(Data records)
• • • • •

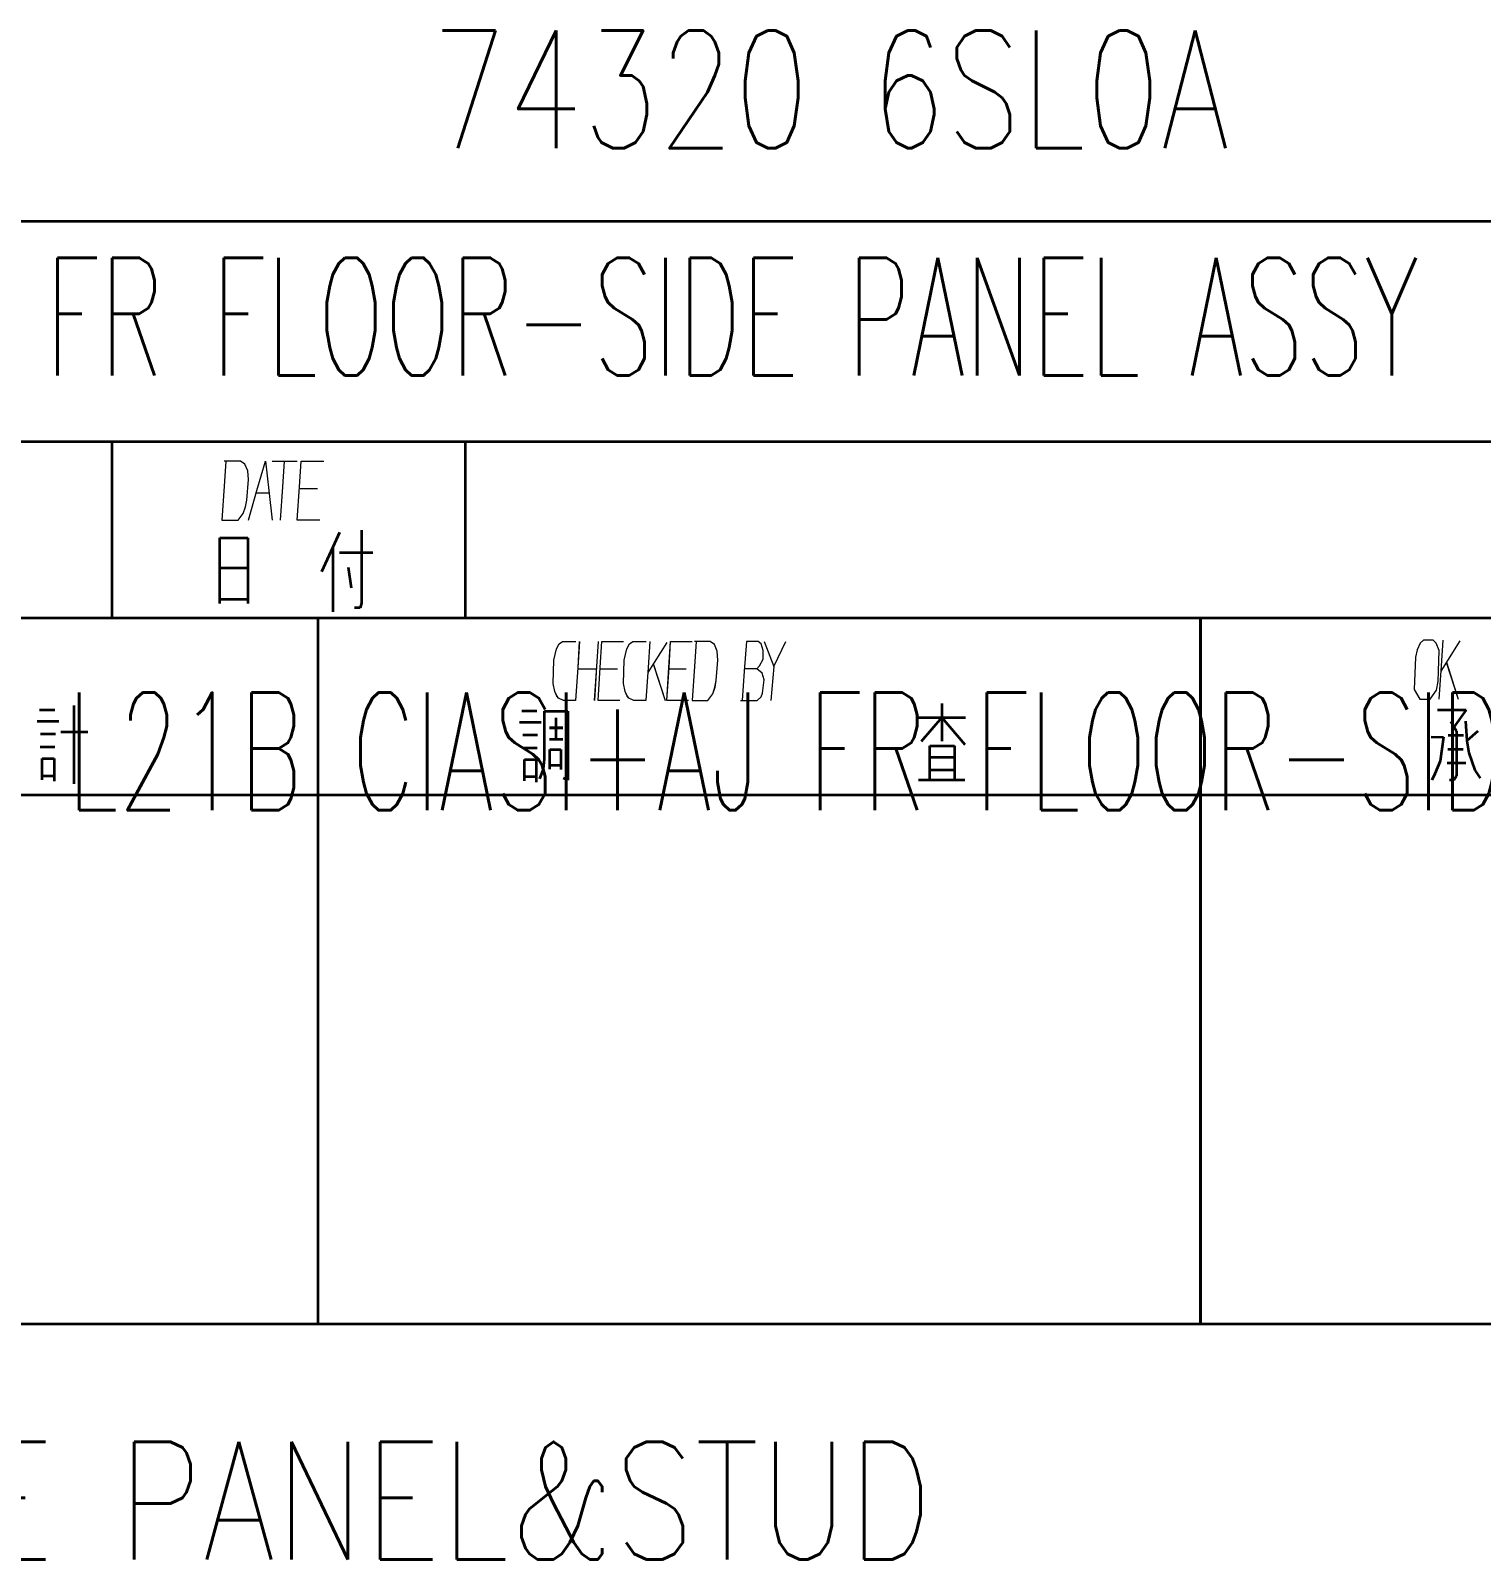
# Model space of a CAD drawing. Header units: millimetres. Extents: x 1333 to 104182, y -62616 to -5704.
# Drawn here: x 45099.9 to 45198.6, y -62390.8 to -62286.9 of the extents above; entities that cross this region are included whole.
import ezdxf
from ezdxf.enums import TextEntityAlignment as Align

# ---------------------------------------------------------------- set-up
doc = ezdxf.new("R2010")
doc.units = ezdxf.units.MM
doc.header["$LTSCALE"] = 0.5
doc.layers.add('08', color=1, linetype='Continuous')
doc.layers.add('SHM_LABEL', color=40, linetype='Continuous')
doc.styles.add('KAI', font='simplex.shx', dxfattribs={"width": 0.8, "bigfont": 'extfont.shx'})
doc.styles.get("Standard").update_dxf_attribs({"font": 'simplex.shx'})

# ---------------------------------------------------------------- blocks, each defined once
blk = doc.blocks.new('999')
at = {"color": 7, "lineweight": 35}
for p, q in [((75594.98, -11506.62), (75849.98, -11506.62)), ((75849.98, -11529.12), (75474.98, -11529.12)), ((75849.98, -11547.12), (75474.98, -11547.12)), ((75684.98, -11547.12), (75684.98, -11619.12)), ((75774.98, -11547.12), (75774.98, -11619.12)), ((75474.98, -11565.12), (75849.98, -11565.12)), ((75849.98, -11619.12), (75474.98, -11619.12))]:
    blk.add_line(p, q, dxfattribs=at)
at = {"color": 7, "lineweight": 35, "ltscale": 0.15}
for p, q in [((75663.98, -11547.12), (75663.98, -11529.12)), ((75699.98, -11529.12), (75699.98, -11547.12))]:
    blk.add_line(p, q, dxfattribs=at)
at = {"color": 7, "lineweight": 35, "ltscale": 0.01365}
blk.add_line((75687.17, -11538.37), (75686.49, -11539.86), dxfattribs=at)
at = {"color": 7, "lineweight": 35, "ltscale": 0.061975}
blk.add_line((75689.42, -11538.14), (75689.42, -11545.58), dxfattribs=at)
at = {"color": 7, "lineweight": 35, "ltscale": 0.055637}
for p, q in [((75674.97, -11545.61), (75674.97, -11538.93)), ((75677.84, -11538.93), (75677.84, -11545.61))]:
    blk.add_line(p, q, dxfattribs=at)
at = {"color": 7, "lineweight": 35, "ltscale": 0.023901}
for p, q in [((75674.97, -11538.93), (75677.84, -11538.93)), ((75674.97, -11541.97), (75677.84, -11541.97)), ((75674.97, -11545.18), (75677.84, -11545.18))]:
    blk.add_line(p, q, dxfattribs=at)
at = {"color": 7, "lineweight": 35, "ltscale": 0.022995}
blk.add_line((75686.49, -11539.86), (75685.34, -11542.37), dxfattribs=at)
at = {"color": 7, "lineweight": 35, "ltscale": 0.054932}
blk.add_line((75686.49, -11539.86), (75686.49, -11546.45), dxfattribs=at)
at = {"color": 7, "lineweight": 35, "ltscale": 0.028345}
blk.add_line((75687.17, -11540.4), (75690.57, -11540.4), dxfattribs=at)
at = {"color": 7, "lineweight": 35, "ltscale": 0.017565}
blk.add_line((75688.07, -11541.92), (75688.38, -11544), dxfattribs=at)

• • • • •

- [Activity]: Images must not appear; print each record precisely as it reads.

- [Task answer]:
# Model space of a CAD drawing. Header units: millimetres. Extents: x 1333 to 104182, y -62616 to -5704.
# Drawn here: x 45099.9 to 45198.6, y -62390.8 to -62286.9 of the extents above; entities that cross this region are included whole.
import ezdxf
from ezdxf.enums import TextEntityAlignment as Align

# ---------------------------------------------------------------- set-up
doc = ezdxf.new("R2010")
doc.units = ezdxf.units.MM
doc.header["$LTSCALE"] = 0.5
doc.layers.add('08', color=1, linetype='Continuous')
doc.layers.add('SHM_LABEL', color=40, linetype='Continuous')
doc.styles.add('KAI', font='simplex.shx', dxfattribs={"width": 0.8, "bigfont": 'extfont.shx'})
doc.styles.get("Standard").update_dxf_attribs({"font": 'simplex.shx'})

# ---------------------------------------------------------------- blocks, each defined once
blk = doc.blocks.new('999')
at = {"color": 7, "lineweight": 35}
for p, q in [((75594.98, -11506.62), (75849.98, -11506.62)), ((75849.98, -11529.12), (75474.98, -11529.12)), ((75849.98, -11547.12), (75474.98, -11547.12)), ((75684.98, -11547.12), (75684.98, -11619.12)), ((75774.98, -11547.12), (75774.98, -11619.12)), ((75474.98, -11565.12), (75849.98, -11565.12)), ((75849.98, -11619.12), (75474.98, -11619.12))]:
    blk.add_line(p, q, dxfattribs=at)
at = {"color": 7, "lineweight": 35, "ltscale": 0.15}
for p, q in [((75663.98, -11547.12), (75663.98, -11529.12)), ((75699.98, -11529.12), (75699.98, -11547.12))]:
    blk.add_line(p, q, dxfattribs=at)
at = {"color": 7, "lineweight": 35, "ltscale": 0.01365}
blk.add_line((75687.17, -11538.37), (75686.49, -11539.86), dxfattribs=at)
at = {"color": 7, "lineweight": 35, "ltscale": 0.061975}
blk.add_line((75689.42, -11538.14), (75689.42, -11545.58), dxfattribs=at)
at = {"color": 7, "lineweight": 35, "ltscale": 0.055637}
for p, q in [((75674.97, -11545.61), (75674.97, -11538.93)), ((75677.84, -11538.93), (75677.84, -11545.61))]:
    blk.add_line(p, q, dxfattribs=at)
at = {"color": 7, "lineweight": 35, "ltscale": 0.023901}
for p, q in [((75674.97, -11538.93), (75677.84, -11538.93)), ((75674.97, -11541.97), (75677.84, -11541.97)), ((75674.97, -11545.18), (75677.84, -11545.18))]:
    blk.add_line(p, q, dxfattribs=at)
at = {"color": 7, "lineweight": 35, "ltscale": 0.022995}
blk.add_line((75686.49, -11539.86), (75685.34, -11542.37), dxfattribs=at)
at = {"color": 7, "lineweight": 35, "ltscale": 0.054932}
blk.add_line((75686.49, -11539.86), (75686.49, -11546.45), dxfattribs=at)
at = {"color": 7, "lineweight": 35, "ltscale": 0.028345}
blk.add_line((75687.17, -11540.4), (75690.57, -11540.4), dxfattribs=at)
at = {"color": 7, "lineweight": 35, "ltscale": 0.017565}
blk.add_line((75688.07, -11541.92), (75688.38, -11544), dxfattribs=at)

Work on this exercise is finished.